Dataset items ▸

────────

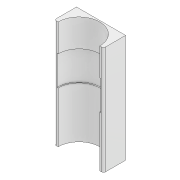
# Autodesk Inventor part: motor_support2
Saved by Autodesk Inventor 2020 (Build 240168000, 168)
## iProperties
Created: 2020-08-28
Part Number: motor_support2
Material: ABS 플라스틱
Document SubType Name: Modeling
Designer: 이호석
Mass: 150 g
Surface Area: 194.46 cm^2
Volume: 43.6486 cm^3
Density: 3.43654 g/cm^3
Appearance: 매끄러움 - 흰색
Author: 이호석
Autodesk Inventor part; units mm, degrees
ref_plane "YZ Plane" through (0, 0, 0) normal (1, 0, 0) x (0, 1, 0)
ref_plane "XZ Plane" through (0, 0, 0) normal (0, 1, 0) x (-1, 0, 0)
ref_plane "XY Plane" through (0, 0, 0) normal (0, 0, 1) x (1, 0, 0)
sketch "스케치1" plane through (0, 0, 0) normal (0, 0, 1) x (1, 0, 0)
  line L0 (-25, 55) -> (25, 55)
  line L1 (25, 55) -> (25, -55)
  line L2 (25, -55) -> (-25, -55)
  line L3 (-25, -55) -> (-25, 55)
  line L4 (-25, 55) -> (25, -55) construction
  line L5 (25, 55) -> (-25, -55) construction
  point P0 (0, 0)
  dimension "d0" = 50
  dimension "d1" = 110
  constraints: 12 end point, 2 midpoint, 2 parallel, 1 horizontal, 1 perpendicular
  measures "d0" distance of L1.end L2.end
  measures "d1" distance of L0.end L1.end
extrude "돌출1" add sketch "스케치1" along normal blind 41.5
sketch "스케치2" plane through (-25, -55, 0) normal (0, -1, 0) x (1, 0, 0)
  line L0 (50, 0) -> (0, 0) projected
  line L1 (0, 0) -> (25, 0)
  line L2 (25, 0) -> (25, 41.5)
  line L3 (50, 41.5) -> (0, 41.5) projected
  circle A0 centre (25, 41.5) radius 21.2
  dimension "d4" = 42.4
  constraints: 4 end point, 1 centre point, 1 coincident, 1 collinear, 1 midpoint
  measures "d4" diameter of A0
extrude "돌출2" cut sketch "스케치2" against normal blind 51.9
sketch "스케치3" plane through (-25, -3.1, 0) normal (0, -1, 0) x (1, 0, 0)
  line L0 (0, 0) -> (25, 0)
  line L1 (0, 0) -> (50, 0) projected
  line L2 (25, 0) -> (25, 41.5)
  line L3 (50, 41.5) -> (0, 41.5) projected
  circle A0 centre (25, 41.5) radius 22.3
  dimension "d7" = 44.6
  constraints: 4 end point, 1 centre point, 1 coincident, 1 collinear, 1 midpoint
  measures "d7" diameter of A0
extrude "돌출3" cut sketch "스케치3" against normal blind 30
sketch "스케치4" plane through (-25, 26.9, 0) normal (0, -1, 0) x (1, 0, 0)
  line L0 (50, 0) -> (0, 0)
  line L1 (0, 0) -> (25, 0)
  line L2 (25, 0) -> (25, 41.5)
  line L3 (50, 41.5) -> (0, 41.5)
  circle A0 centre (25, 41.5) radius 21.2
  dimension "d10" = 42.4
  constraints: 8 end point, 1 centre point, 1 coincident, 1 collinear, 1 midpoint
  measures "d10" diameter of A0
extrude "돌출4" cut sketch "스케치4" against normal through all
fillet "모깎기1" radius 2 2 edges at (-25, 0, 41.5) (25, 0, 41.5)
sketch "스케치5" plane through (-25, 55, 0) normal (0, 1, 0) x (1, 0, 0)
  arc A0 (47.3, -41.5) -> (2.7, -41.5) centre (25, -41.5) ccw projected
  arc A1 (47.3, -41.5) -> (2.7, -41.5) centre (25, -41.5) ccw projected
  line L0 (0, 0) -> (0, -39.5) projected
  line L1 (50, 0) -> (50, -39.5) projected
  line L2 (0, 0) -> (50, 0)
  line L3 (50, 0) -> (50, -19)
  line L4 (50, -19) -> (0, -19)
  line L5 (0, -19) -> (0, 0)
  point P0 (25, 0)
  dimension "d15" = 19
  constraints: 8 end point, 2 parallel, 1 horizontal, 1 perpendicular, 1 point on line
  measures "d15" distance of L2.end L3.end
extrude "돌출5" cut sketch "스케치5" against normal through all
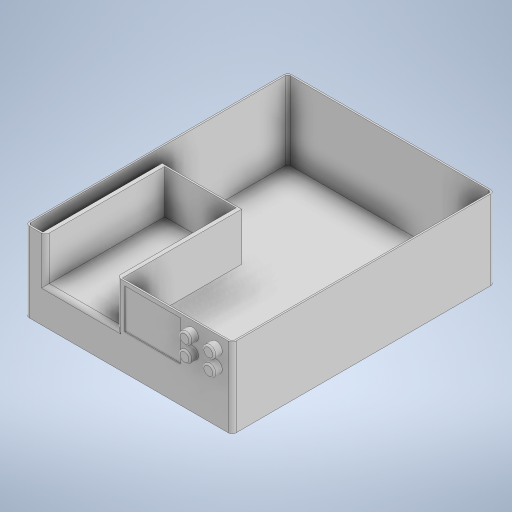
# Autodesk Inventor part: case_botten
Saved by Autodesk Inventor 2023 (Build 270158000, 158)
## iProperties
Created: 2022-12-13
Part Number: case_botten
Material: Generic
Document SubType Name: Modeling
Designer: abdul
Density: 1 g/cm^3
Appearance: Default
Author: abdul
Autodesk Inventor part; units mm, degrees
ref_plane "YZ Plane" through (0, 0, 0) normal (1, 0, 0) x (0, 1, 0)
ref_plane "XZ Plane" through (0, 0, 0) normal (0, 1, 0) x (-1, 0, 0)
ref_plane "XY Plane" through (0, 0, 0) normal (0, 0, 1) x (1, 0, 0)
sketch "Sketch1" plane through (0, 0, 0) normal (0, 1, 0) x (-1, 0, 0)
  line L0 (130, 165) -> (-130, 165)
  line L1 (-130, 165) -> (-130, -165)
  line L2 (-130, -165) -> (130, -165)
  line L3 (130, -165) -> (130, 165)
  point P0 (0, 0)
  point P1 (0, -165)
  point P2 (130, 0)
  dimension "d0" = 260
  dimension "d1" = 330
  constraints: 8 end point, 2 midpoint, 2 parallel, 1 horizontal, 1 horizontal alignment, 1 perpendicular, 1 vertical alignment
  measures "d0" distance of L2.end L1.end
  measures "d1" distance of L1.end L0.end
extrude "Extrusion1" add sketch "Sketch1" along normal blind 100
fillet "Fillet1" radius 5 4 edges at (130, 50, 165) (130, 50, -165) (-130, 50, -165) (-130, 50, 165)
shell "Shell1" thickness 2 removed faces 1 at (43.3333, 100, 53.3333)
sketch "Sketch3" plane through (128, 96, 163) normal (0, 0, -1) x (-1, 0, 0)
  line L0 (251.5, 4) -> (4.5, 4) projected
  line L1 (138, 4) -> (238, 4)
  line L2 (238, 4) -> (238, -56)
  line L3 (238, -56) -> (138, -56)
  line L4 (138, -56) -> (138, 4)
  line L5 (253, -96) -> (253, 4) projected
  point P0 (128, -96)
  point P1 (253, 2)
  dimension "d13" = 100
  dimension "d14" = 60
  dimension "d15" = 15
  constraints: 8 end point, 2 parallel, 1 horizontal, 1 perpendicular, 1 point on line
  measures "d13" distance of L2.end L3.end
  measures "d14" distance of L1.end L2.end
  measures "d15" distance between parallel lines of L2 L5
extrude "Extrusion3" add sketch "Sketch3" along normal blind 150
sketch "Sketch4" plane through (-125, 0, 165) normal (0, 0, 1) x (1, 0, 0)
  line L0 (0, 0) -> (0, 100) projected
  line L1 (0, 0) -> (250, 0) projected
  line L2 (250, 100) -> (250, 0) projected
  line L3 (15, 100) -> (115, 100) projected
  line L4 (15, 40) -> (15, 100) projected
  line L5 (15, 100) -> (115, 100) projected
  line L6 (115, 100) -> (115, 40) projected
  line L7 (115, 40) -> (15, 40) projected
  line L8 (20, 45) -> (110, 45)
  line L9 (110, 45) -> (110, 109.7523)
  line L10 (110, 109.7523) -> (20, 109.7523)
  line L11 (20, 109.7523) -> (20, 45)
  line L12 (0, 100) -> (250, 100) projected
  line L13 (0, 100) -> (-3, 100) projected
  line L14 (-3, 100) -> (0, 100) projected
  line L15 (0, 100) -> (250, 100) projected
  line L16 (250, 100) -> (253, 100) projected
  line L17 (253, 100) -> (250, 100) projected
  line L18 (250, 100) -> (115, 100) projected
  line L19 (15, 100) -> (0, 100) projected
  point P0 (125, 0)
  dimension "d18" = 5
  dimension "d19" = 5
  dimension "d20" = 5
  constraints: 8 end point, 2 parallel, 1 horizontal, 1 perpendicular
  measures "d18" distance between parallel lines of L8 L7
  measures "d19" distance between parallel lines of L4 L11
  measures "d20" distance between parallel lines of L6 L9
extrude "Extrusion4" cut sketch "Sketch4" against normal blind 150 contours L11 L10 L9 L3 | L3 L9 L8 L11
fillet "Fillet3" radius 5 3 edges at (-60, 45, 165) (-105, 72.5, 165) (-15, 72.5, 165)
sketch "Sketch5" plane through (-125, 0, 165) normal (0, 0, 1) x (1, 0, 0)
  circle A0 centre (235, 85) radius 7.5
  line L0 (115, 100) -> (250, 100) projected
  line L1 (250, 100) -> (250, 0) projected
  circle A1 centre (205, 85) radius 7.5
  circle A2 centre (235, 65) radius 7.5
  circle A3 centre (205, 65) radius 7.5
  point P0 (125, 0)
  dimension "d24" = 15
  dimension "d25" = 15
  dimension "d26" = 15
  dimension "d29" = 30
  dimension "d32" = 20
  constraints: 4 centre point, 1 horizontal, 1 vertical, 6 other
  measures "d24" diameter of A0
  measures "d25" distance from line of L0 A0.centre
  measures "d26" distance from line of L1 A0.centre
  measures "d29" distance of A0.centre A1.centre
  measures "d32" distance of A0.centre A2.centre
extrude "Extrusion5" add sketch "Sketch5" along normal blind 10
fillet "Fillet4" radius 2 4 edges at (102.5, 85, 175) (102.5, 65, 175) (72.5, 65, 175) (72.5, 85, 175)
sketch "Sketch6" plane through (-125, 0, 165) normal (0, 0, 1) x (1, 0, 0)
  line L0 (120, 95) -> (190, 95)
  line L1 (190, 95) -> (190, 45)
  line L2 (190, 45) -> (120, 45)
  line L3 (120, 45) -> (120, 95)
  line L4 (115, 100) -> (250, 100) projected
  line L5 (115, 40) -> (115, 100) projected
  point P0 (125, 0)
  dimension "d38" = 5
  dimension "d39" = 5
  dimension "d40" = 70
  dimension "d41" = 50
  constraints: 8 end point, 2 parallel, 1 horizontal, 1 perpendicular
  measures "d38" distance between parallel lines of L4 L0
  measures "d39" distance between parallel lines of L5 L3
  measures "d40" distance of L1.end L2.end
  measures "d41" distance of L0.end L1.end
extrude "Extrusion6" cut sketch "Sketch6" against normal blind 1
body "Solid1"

────────

WHAT TO PRODUCE ▸
Would you please copy every line in the data that contains the word "diameter"?

SOLUTION TO THIS EXERCISE ▸
  measures "d4" diameter of A0
  measures "d7" diameter of A0
  measures "d10" diameter of A0
  measures "d24" diameter of A0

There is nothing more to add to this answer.